Hmmmm....
I want to use my own "first post topic" to apologize.
I'm an obsessive perfectionist as i like to call myself and because of that i usually don't write much on forums. Speaking in real life is much easier for me then writing, because when i make a mistake in a conversation i am not able to correct myself in advance.
I have written many many posts in reaction to topics around here without posting it, simply because i didn't consider my own texts perfect enough. I am never happy about my own posts. Never!
There are many things i have to say and i think i sometimes have a tiny little bit to contribute now and then. When i feel strong and confident enough i press the "submit" button, but in most cases i write, write and write without ever pressing that button.
I'm reading this forum for a few years and this is the only place filled with people that are able to understand my thoughts about the world. For some weird reason nobody in the "real world" i know is able to even grasp the basics of peak oil and all other things that are discussed on this forum.
I'm actually saying this in the wrong way; nobody i know is able to grasp the basics of your ideas. This is because i didn't know about peak oil and many other problems in the world before visiting this forum.

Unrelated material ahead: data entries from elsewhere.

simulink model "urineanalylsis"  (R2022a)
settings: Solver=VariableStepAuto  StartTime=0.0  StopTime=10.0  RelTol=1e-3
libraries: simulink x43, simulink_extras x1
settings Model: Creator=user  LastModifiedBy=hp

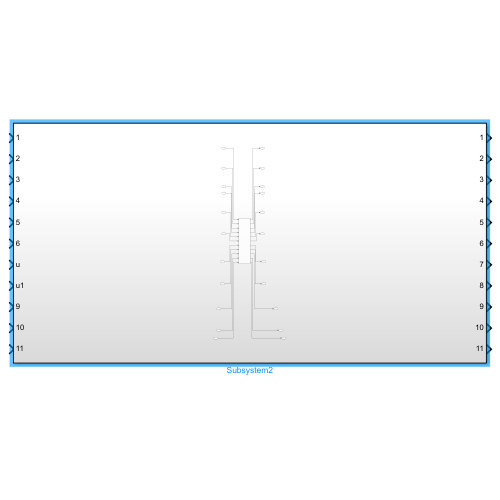
[thumbnail: Simulink's stored preview of the top-level diagram]
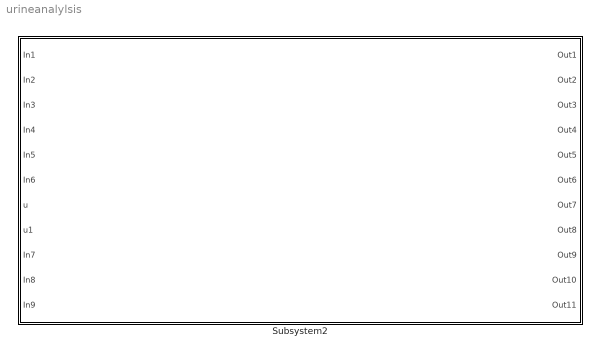
== system urineanalylsis ==
  Subsystem2 : Subsystem

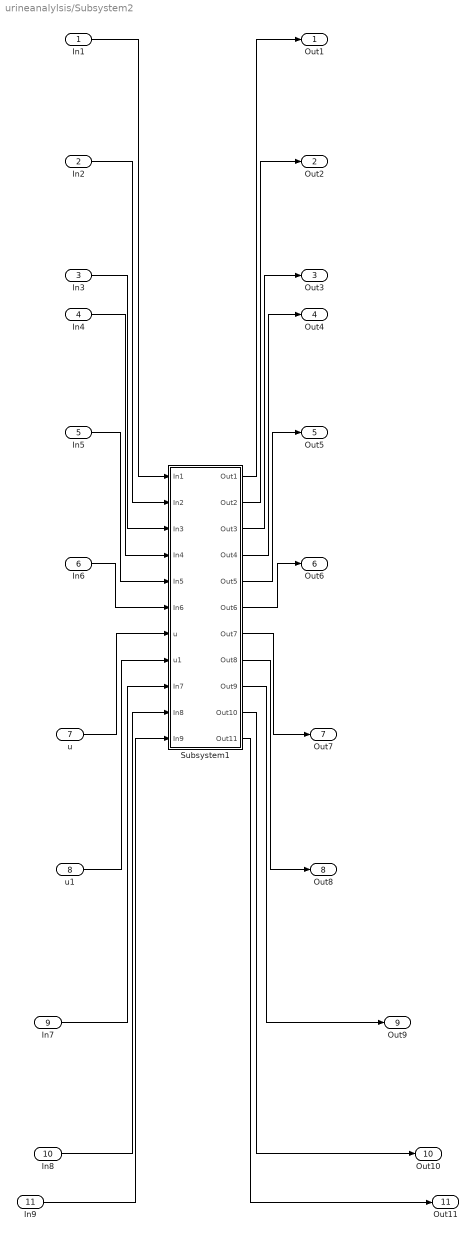
== system urineanalylsis/Subsystem2 ==
  In1 : Inport
  In2 : Inport  Port=2
  In3 : Inport  Port=3
  In4 : Inport  Port=4
  In5 : Inport  Port=5
  In6 : Inport  Port=6
  u : Inport  Port=7
  u1 : Inport  Port=8
  In7 : Inport  Port=9
  In8 : Inport  Port=10
  In9 : Inport  Port=11
  Subsystem1 : Subsystem
  Out1 : Outport
  Out2 : Outport  Port=2
  Out3 : Outport  Port=3
  Out4 : Outport  Port=4
  Out5 : Outport  Port=5
  Out6 : Outport  Port=6
  Out7 : Outport  Port=7
  Out8 : Outport  Port=8
  Out9 : Outport  Port=9
  Out10 : Outport  Port=10
  Out11 : Outport  Port=11
  wires:
  In1/1 -> Subsystem1/1(In1)
  In2/1 -> Subsystem1/2(In2)
  In3/1 -> Subsystem1/3(In3)
  In4/1 -> Subsystem1/4(In4)
  In5/1 -> Subsystem1/5(In5)
  In6/1 -> Subsystem1/6(In6)
  u/1 -> Subsystem1/7(u)
  u1/1 -> Subsystem1/8(u1)
  In7/1 -> Subsystem1/9(In7)
  In8/1 -> Subsystem1/10(In8)
  In9/1 -> Subsystem1/11(In9)
  Subsystem1/1(Out1) -> Out1/1
  Subsystem1/2(Out2) -> Out2/1
  Subsystem1/3(Out3) -> Out3/1
  Subsystem1/4(Out4) -> Out4/1
  Subsystem1/5(Out5) -> Out5/1
  Subsystem1/6(Out6) -> Out6/1
  Subsystem1/7(Out7) -> Out7/1
  Subsystem1/8(Out8) -> Out8/1
  Subsystem1/9(Out9) -> Out9/1
  Subsystem1/10(Out10) -> Out10/1
  Subsystem1/11(Out11) -> Out11/1

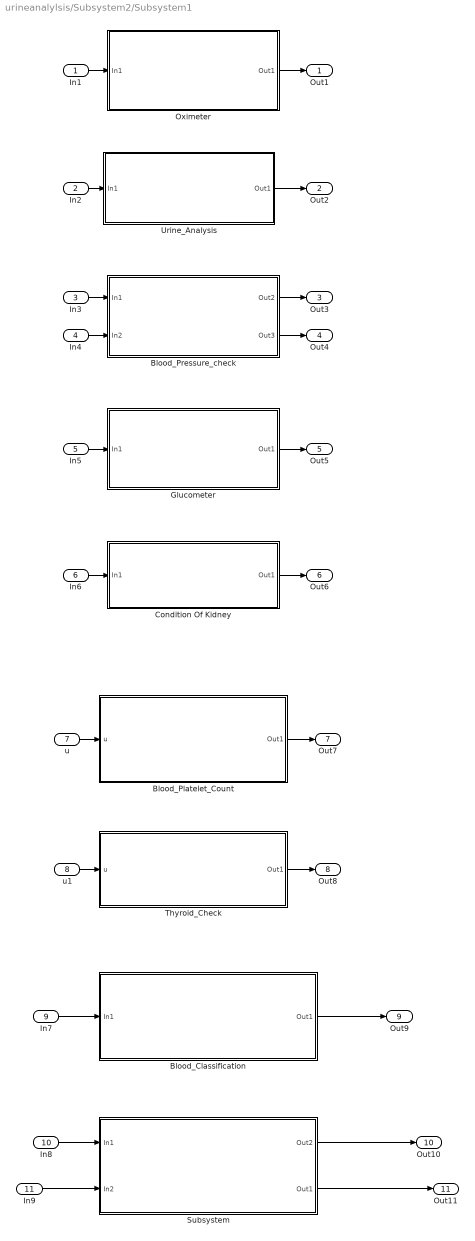
== system urineanalylsis/Subsystem2/Subsystem1 ==
  In1 : Inport
  In2 : Inport  Port=2
  In3 : Inport  Port=3
  In4 : Inport  Port=4
  In5 : Inport  Port=5
  In6 : Inport  Port=6
  u : Inport  Port=7
  u1 : Inport  Port=8
  In7 : Inport  Port=9
  In8 : Inport  Port=10
  In9 : Inport  Port=11
  Blood_Classification : Subsystem
  Blood_Platelet_Count : Subsystem
  Blood_Pressure_check : Subsystem
  Condition Of Kidney : Subsystem
  Glucometer : Subsystem
  Oximeter : Subsystem
  Subsystem : Subsystem
  Thyroid_Check : Subsystem
  Urine_Analysis : Subsystem
  Out1 : Outport
  Out2 : Outport  Port=2
  Out3 : Outport  Port=3
  Out4 : Outport  Port=4
  Out5 : Outport  Port=5
  Out6 : Outport  Port=6
  Out7 : Outport  Port=7
  Out8 : Outport  Port=8
  Out9 : Outport  Port=9
  Out10 : Outport  Port=10
  Out11 : Outport  Port=11
  wires:
  In6/1 -> Condition Of Kidney/1(In1)
  Subsystem/1(Out2) -> Out10/1
  In8/1 -> Subsystem/1(In1)
  In3/1 -> Blood_Pressure_check/1(In1)
  In4/1 -> Blood_Pressure_check/2(In2)
  In7/1 -> Blood_Classification/1(In1)
  u1/1 -> Thyroid_Check/1(u)
  In1/1 -> Oximeter/1(In1)
  u/1 -> Blood_Platelet_Count/1(u)
  Urine_Analysis/1(Out1) -> Out2/1
  Blood_Pressure_check/1(Out2) -> Out3/1
  Blood_Pressure_check/2(Out3) -> Out4/1
  Oximeter/1(Out1) -> Out1/1
  In2/1 -> Urine_Analysis/1(In1)
  Subsystem/2(Out1) -> Out11/1
  Thyroid_Check/1(Out1) -> Out8/1
  Condition Of Kidney/1(Out1) -> Out6/1
  Blood_Classification/1(Out1) -> Out9/1
  Blood_Platelet_Count/1(Out1) -> Out7/1
  In5/1 -> Glucometer/1(In1)
  Glucometer/1(Out1) -> Out5/1
  In9/1 -> Subsystem/2(In2)

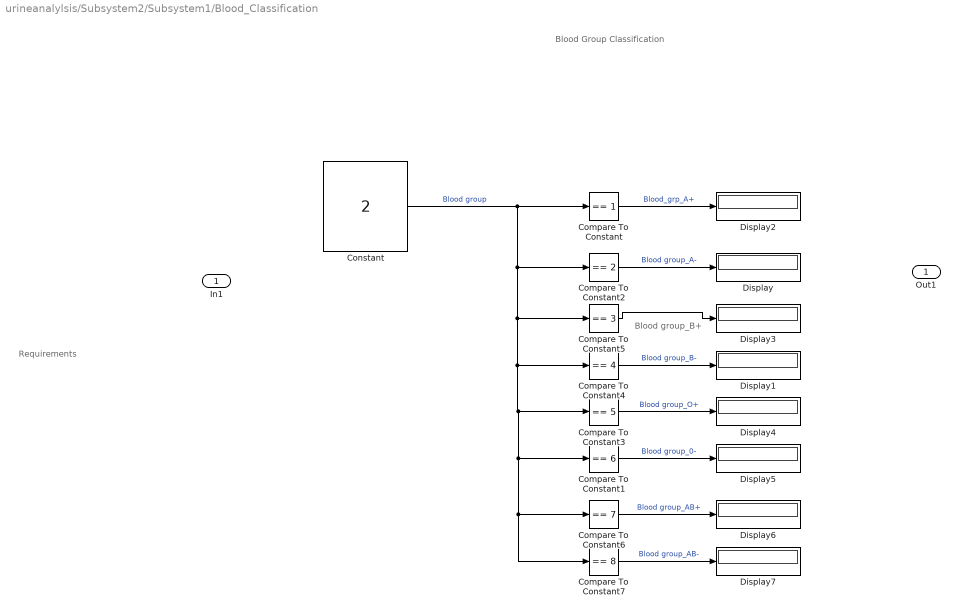
== system urineanalylsis/Subsystem2/Subsystem1/Blood_Classification ==
  note: Requirements
  note: Blood group_B+
  note: Blood Group Classification
  In1 : Inport
  Compare To Constant : simulink/Logic and Bit Operations/Compare To Constant  relop===  const=1  OutDataTypeStr=boolean
  Compare To Constant1 : simulink/Logic and Bit Operations/Compare To Constant  relop===  const=6  OutDataTypeStr=boolean
  Compare To Constant2 : simulink/Logic and Bit Operations/Compare To Constant  relop===  const=2  OutDataTypeStr=boolean
  Compare To Constant3 : simulink/Logic and Bit Operations/Compare To Constant  relop===  const=5  OutDataTypeStr=boolean
  Compare To Constant4 : simulink/Logic and Bit Operations/Compare To Constant  relop===  const=4  OutDataTypeStr=boolean
  Compare To Constant5 : simulink/Logic and Bit Operations/Compare To Constant  relop===  const=3  OutDataTypeStr=boolean
  Compare To Constant6 : simulink/Logic and Bit Operations/Compare To Constant  relop===  const=7  OutDataTypeStr=boolean
  Compare To Constant7 : simulink/Logic and Bit Operations/Compare To Constant  relop===  const=8  OutDataTypeStr=boolean
  Constant : Constant  Value=2
  Display{,1..7} (8 alike) : Display
  Out1 : Outport
  wires:
  Compare To Constant5/1 -> Display3/1
  Compare To Constant4/1 -> Display1/1  "Blood group_B-"
  Constant/1 -> Compare To Constant7/1, Compare To Constant6/1, Compare To Constant1/1, Compare To Constant3/1, Compare To Constant4/1, Compare To Constant5/1, Compare To Constant2/1, Compare To Constant/1  "Blood group"
  Compare To Constant6/1 -> Display6/1  "Blood group_AB+"
  Compare To Constant1/1 -> Display5/1  "Blood group_0-"
  Compare To Constant/1 -> Display2/1  "Blood_grp_A+"
  Compare To Constant2/1 -> Display/1  "Blood group_A-"
  Compare To Constant3/1 -> Display4/1  "Blood group_O+"
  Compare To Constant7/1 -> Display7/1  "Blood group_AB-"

The reason i'm writing this is at first to apologize for my future posts. I am not a smart person. Some say that i am, but i know i am not. Even the most irritating and unintelligent poster around here makes arguments i wouldn't even consider. I have learned many things by simply reading this forum. By reading very intelligent posts and even by reading very dumb posts.
Uhhh...
To repeat myself; i am not a smart person. I never finished any formal education and i do not understand math, physics, history, chemistry, biology and my knowledge of the English language is very limited. Whatever i know is "self-thought". That's the only thing i'm proud of; i am not influenced by anything, i am completely free in my mind and every single thought i have is made by me personally.
I'm probably writing more then you want to read, so i'm going to stop writing here. From now on i'm going to attempt to stop being a perfectionist and write a little bit more. This means that i'm going to write what i think. This also means that sometimes i sound like a dumb ass and on rare occasions i say something that's intelligent. Forgive me for that.
A few quotes from myself that i like to share:
"I read thousand posts, a hundred books and then i finally write one sentence without anyone knowing about it."
"I believe nothing, i know nothing and at the same time i believe everything and i know it all."
"When you're not able to explain something to a child you do not understand it."
"Nobody understand me! *whining* Because i don't explain myself."
Ugh...i hate writing! I'm afraid for that "submit" button.
Have fun!
Roach
As an obsessive perfectionist it is not unusual for me to spend an hour writing and re-writing a single sentence. When abandoning perfection i ask you to judge me on my ideas, not on my words.